Out of those techniques came many discoveries, including the enzyme that generates the double-strand breaks that kick off recombination, the recombinase that promotes the alignment of the resulting "broken" DNA with its matching sequence on the homologous chromosome, and the formation of side-by-side Holliday junctions. But perhaps most importantly, she proved that the double-strand breaks that initiate recombination happen early, before the formation of the synaptonemal complex - the protein-coated interface that brings homologs into intimate juxtaposition. Her findings not only "revitalized meiosis," says Scott Hawley of the Stowers Institute in Kansas City, Mo., but also "basically turned the whole view of the process on its head."

"The paradigm up until Nancy had been: You paired chromosomes, you built a synaptonemal complex between them, and then you recombined them," says Hawley. "The idea that in yeast you needed double-strand breaks to build the synaptonemal complex was really quite shocking."

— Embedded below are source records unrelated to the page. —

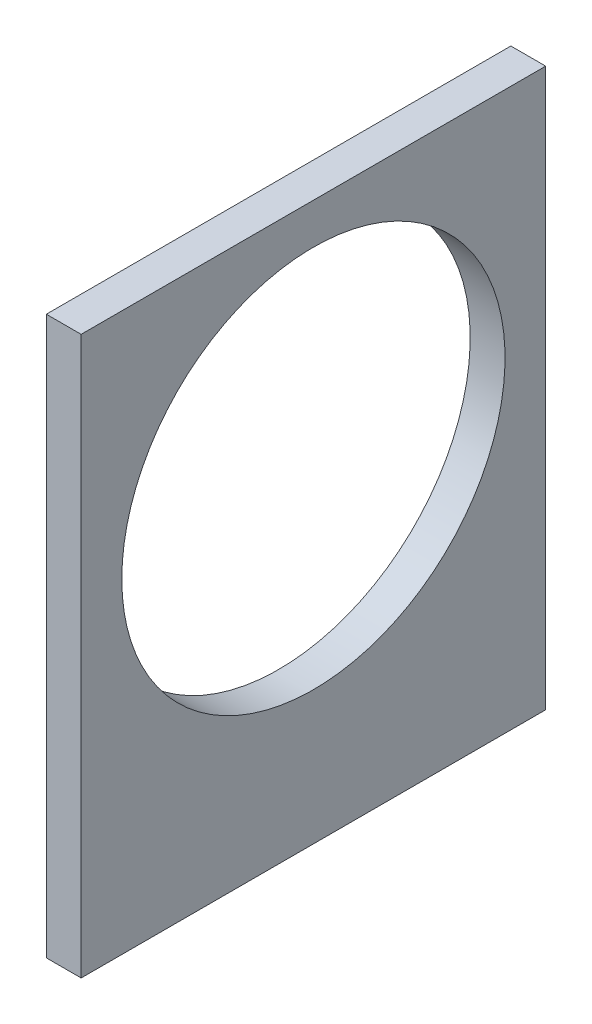
SolidWorks part; units mm, degrees
material "6061-T6 (SS)"
ref_plane "Front Plane" through (0, 0, 0) normal (0, 0, 1) x (1, 0, 0)
ref_plane "Top Plane" through (0, 0, 0) normal (0, 1, 0) x (1, 0, 0)
ref_plane "Right Plane" through (0, 0, 0) normal (1, 0, 0) x (0, 0, -1)
sketch "Sketch4" plane through (0, 0, 0) normal (1, 0, 0) x (0, 0, -1)
  line L1 (31.75, 38.1) -> (-31.75, 38.1)
  line L2 (31.75, 38.1) -> (31.75, -38.1)
  line L3 (31.75, -38.1) -> (-31.75, -38.1)
  line L4 (-31.75, 38.1) -> (-31.75, -38.1)
  line L5 (31.75, 38.1) -> (-31.75, -38.1) construction
  line L6 (31.75, -38.1) -> (-31.75, 38.1) construction
  circle A0 centre (0, 6.35) radius 26.1938
  point P0 (0, 0)
  dimension "D3" = 52.3875
  dimension "D1" = 31.75
  dimension "D2" = 63.5
  dimension "D4" = 76.2
extrude "Boss-Extrude2" add sketch "Sketch4" along normal blind 4.7625
hole_wizard "#6-32 Tapped Hole3" positions "Sketch9" profile "Sketch8" tap size "#6-32" standard "ANSI Inch"
sketch "Sketch9" plane through (0, -38.1, 0) normal (0, -1, 0) x (-1, 0, 0)
  line L0 (-4.7625, -31.75) -> (0, -31.75) construction
  line L1 (-4.7625, 31.75) -> (0, 31.75) construction
  point P0 (-2.3813, -28.575)
  point P2 (-2.3813, 28.575)
  point P9 (0, 0)
  point P10 (-2.3813, -31.75)
  dimension "D1" = 3.175
  dimension "D2" = 3.175
cosmetic thread "Hole Thread5" parameters "D1"=12.7, "D2"=3.5052
cosmetic thread "Hole Thread6" parameters "D1"=12.7, "D2"=3.5052
sketch "Sketch8" plane through (2.3813, -38.1, 28.575) normal (1, 0, 0) x (0, 0, -1)
  line L0 (0, 0) -> (0, 17.4751)
  line L1 (0, 17.4751) -> (1.3525, 16.6624)
  line L2 (1.3525, 16.6624) -> (1.3525, 0)
  line L5 (1.3525, 0) -> (0, 0)
  line L10 (0, 17.4751) -> (-1.3526, 16.6624) construction
  line L11 (0, -6.35) -> (0, 107.95) construction
  dimension "Tap Drill Dia." = 2.7051
  dimension "Tap Drill Depth" = 16.6624
  dimension "Drill Angle" = 118

"Her contributions to meiosis can't be overstated," says Jones. And she's not through yet. "With Nancy, you're always on to the next question. There isn't a lot of resting," says Bishop. "You move from having to do more work to make sure your interpretation is correct, on to the next thing without a point at which everyone stops and opens a bottle of champagne." When it comes to her science, he says, Kleckner is relentless and intense. "Her demeanor is as if she was just put in charge of making sure the Apollo 13 astronauts get back to earth safely. There's always this sense of importance and urgency."

CROSSOVER RESEARCH

Kleckner's current mission is an attempt to use principles of physics and engineering to deconstruct a phenomenon known as crossover interference. When homologs align during meiosis, they exchange genetic material. The sites of these exchanges, called crossovers, tend to be evenly spaced along the chromosomes. Kleckner says she thinks this happens because chromosomes breathe. "If you have two chromatin masses, they might expand and push against each other," she says. "That will produce compression along the axes of the chromosomes and at the interfaces between them." At a certain point, the stress will cause one of the bridges between the chromosomes to buckle, producing a crossover. Once that happens, the stress in that region is relieved, so no further crossovers will occur nearby.

"It's an original and innovative way of thinking about how chromosomes behave," says Jones. "What's interesting is, if you go back 60 or 70 years, people interested in meiosis did tend to think about things in mechanical terms, but that got sort of subsumed by the growth of molecular biology and biochemistry. But I think people are coming back to realize that physical factors like mechanical stress acting on chromosomes and the molecules within them could be very important. And Nancy's largely responsible for developing this idea in recent years."

"It might be right, or it might be wrong," says Kleckner. "But its importance for my own research is that it made me appreciate that if you started to look at chromosomal phenomena from a physics or engineering perspective, you ask different questions and might do different experiments. It gets you away from a simple molecular description of stuff and it gets you back to invoking basic principles of physics, which is of course where molecular biology started."

And chances are she's right. "Some people feel she's visionary, others feel she's too speculative," says Bishop. "But if you keep track of how many of her ideas turn out to be correct, it's impressive." Dekker agrees: "To be honest, I can't think of any examples where her intuition turned out to be wrong."

She's even right when it comes to other people's work. After Hawley gave a presentation at a meeting in the Swiss Alps, he says, "Nancy sat down with me and proposed this completely different hypothesis." A few years later, he discovered that "Nancy was entirely correct. Things were exactly as she had predicted."

"Embarrassing as that is," laughs Hawley, "one of most exciting things about Nancy is that she's virtually always right."